What is the problem?

Who experiences this problem and how often do they experience it?

Is the problem painful enough that people will pay for it?

How many of those people are able to pay, and how much are they willing to
pay?

How are they currently solving this problem?

How much will it cost you to solve this problem? What is the potential revenue
opportunity?

Example of a viable, stable business - locksmithing:

What is the problem? People get locked out of their homes, businesses, and
cars.

Who experiences this problem and how often do they experience it? Most adults
that own a home, business, or car will experience this once every six months
or year.

Is this problem painful enough that people will pay for it? Yes.

How many of those people are able to pay, and how much are they willing to
pay? Most working adults are able and willing to pay $100 to get into their
home or car, especially if they are in a rush.

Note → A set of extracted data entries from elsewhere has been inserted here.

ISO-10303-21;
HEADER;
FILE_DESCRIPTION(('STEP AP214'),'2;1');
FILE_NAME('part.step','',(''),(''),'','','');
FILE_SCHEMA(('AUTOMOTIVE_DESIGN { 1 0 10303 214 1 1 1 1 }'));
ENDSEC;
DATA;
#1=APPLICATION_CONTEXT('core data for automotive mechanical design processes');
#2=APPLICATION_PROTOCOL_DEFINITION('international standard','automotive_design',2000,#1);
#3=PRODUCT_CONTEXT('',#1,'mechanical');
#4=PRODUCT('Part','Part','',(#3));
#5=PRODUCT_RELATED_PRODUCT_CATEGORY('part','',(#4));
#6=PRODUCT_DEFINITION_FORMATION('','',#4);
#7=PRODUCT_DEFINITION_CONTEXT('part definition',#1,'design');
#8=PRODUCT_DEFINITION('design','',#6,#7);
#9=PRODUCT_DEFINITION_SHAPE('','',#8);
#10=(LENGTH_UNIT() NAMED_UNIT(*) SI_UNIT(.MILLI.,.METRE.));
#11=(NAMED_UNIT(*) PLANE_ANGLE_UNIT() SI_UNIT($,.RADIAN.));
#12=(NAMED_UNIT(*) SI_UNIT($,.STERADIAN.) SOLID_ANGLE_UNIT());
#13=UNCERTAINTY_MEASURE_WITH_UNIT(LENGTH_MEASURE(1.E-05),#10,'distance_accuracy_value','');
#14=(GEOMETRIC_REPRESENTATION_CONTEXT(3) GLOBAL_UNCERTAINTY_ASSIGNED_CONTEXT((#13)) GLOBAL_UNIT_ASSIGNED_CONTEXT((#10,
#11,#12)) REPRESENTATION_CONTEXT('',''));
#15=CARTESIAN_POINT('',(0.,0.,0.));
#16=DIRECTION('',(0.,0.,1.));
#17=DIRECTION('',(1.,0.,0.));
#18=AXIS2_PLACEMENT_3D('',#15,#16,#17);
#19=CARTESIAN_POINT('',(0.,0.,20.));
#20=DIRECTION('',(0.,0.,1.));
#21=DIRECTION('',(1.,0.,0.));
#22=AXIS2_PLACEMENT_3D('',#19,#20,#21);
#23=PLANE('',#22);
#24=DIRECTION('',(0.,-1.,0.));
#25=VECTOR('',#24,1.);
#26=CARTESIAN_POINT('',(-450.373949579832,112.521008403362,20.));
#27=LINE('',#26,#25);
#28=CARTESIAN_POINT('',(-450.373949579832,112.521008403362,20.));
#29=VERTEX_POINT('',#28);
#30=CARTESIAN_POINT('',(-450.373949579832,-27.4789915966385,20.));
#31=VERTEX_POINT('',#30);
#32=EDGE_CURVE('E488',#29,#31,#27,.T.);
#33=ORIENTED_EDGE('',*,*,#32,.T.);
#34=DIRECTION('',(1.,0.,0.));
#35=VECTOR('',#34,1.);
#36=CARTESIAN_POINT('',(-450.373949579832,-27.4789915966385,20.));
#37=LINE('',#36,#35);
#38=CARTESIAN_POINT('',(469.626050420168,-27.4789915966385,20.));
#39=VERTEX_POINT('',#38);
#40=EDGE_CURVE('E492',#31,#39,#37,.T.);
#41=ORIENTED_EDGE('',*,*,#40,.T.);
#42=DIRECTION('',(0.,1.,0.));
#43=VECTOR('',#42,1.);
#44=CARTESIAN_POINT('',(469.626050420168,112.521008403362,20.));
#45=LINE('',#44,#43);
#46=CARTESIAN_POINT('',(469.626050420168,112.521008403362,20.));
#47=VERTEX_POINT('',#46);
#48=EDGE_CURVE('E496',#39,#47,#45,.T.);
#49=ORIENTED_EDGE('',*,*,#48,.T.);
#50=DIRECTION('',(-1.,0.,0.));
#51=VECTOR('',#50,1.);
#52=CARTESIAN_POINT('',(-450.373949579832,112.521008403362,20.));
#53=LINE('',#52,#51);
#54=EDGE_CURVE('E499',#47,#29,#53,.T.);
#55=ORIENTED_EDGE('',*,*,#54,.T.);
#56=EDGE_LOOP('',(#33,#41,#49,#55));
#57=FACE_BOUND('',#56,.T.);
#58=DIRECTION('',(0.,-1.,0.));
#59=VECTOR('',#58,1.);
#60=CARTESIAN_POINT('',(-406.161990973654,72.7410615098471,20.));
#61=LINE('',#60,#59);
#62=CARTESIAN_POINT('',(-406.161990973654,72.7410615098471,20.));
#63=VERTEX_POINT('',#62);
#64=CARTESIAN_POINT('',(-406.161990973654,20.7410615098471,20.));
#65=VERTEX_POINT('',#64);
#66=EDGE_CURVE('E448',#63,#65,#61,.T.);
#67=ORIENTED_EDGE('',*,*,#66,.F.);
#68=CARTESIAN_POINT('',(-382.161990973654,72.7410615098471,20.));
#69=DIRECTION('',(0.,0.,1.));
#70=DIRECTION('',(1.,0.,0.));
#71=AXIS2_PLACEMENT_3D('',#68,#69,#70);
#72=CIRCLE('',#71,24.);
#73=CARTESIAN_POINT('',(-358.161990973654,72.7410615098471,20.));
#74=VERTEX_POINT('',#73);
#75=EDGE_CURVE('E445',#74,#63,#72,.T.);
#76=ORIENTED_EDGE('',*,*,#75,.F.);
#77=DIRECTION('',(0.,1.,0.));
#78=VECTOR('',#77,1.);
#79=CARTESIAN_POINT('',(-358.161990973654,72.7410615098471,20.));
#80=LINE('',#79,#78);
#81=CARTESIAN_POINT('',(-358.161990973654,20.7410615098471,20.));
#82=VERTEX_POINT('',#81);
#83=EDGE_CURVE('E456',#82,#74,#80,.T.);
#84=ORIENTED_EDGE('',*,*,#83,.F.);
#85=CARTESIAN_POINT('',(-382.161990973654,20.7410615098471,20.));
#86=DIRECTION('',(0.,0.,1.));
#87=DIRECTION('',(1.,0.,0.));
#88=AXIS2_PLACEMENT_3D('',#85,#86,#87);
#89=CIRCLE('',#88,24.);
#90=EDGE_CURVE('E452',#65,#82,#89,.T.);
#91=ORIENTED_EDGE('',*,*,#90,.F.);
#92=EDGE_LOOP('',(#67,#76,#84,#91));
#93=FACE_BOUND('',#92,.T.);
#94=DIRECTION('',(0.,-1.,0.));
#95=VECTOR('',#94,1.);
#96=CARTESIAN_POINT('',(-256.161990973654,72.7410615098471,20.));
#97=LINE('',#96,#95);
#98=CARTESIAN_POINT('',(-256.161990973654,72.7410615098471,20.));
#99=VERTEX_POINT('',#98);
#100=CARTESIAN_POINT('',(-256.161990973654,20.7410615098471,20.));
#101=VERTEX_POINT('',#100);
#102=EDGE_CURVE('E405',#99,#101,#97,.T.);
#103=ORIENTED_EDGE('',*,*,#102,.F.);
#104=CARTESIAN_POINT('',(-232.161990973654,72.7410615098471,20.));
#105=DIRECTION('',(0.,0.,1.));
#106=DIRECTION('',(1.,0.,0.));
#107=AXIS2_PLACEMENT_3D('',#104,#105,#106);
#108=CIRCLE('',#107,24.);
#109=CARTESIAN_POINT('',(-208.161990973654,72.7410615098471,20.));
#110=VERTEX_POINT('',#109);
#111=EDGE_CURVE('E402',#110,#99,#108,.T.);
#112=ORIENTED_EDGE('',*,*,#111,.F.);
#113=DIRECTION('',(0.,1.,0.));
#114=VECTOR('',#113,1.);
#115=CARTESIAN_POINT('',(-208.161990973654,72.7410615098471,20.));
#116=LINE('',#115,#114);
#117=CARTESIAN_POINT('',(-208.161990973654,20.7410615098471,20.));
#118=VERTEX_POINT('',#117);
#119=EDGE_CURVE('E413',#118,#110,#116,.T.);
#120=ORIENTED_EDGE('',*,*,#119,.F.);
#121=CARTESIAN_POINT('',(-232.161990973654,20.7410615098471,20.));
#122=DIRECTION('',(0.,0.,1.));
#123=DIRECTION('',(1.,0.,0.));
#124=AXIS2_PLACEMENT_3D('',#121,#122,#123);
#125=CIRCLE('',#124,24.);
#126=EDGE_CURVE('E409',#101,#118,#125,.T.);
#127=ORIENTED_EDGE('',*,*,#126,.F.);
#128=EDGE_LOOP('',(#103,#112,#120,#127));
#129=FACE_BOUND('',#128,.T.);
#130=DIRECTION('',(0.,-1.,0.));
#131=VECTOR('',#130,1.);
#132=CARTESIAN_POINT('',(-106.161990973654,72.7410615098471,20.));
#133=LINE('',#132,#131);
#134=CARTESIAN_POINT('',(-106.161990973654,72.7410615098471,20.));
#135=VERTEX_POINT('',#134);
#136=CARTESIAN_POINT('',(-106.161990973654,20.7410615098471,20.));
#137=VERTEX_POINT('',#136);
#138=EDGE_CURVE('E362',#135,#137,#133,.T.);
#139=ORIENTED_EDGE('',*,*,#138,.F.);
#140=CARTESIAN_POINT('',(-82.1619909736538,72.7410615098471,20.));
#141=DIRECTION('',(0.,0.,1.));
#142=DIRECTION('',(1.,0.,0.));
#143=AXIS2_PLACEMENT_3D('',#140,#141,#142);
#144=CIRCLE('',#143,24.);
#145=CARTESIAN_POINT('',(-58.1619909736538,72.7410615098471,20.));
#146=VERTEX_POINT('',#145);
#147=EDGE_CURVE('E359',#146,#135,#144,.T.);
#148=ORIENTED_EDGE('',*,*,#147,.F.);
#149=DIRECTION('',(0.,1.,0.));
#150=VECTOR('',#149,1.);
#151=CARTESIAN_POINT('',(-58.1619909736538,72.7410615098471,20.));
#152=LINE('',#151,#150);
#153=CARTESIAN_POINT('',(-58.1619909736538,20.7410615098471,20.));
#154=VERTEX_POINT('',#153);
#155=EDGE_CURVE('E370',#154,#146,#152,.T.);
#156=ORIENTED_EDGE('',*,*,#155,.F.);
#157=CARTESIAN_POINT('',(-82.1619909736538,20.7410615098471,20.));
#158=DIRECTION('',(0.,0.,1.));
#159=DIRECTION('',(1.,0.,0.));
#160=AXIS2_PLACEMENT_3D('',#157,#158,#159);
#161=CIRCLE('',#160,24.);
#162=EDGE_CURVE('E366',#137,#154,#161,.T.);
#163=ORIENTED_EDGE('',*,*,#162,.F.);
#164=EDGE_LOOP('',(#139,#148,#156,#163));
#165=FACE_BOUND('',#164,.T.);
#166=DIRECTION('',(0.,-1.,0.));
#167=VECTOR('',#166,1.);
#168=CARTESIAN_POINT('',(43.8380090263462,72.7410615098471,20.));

How are they currently solving this problem? Spare keys, friends and family
with keys, AAA / tow companies, etc.

How much will it cost you to solve this problem? What is the potential revenue
opportunity? Basic home locksmithing tools, certification, uniforms,
insurance, business license, local advertising may cost a few thousand
dollars, so breakeven might be 3-6 months.

------
crsv
There's a bunch of ambiguity encoded in to the term "viable" here. The number
of viable businesses is almost infinite. Maybe think about restructuring the
question with some contexts around that viability in terms of size, area of
focus, type, etc, since this will inform the answer to the question heavily.

------
rdsbrar
Focus all your energy on thinking sales: what can you sell, what're people
looking to buy, distribution, sale cycle, are people actively buying, what
will it take to sell, talk to the potential buyers. Then think who are you
going to displace and how you will differentiate yourself.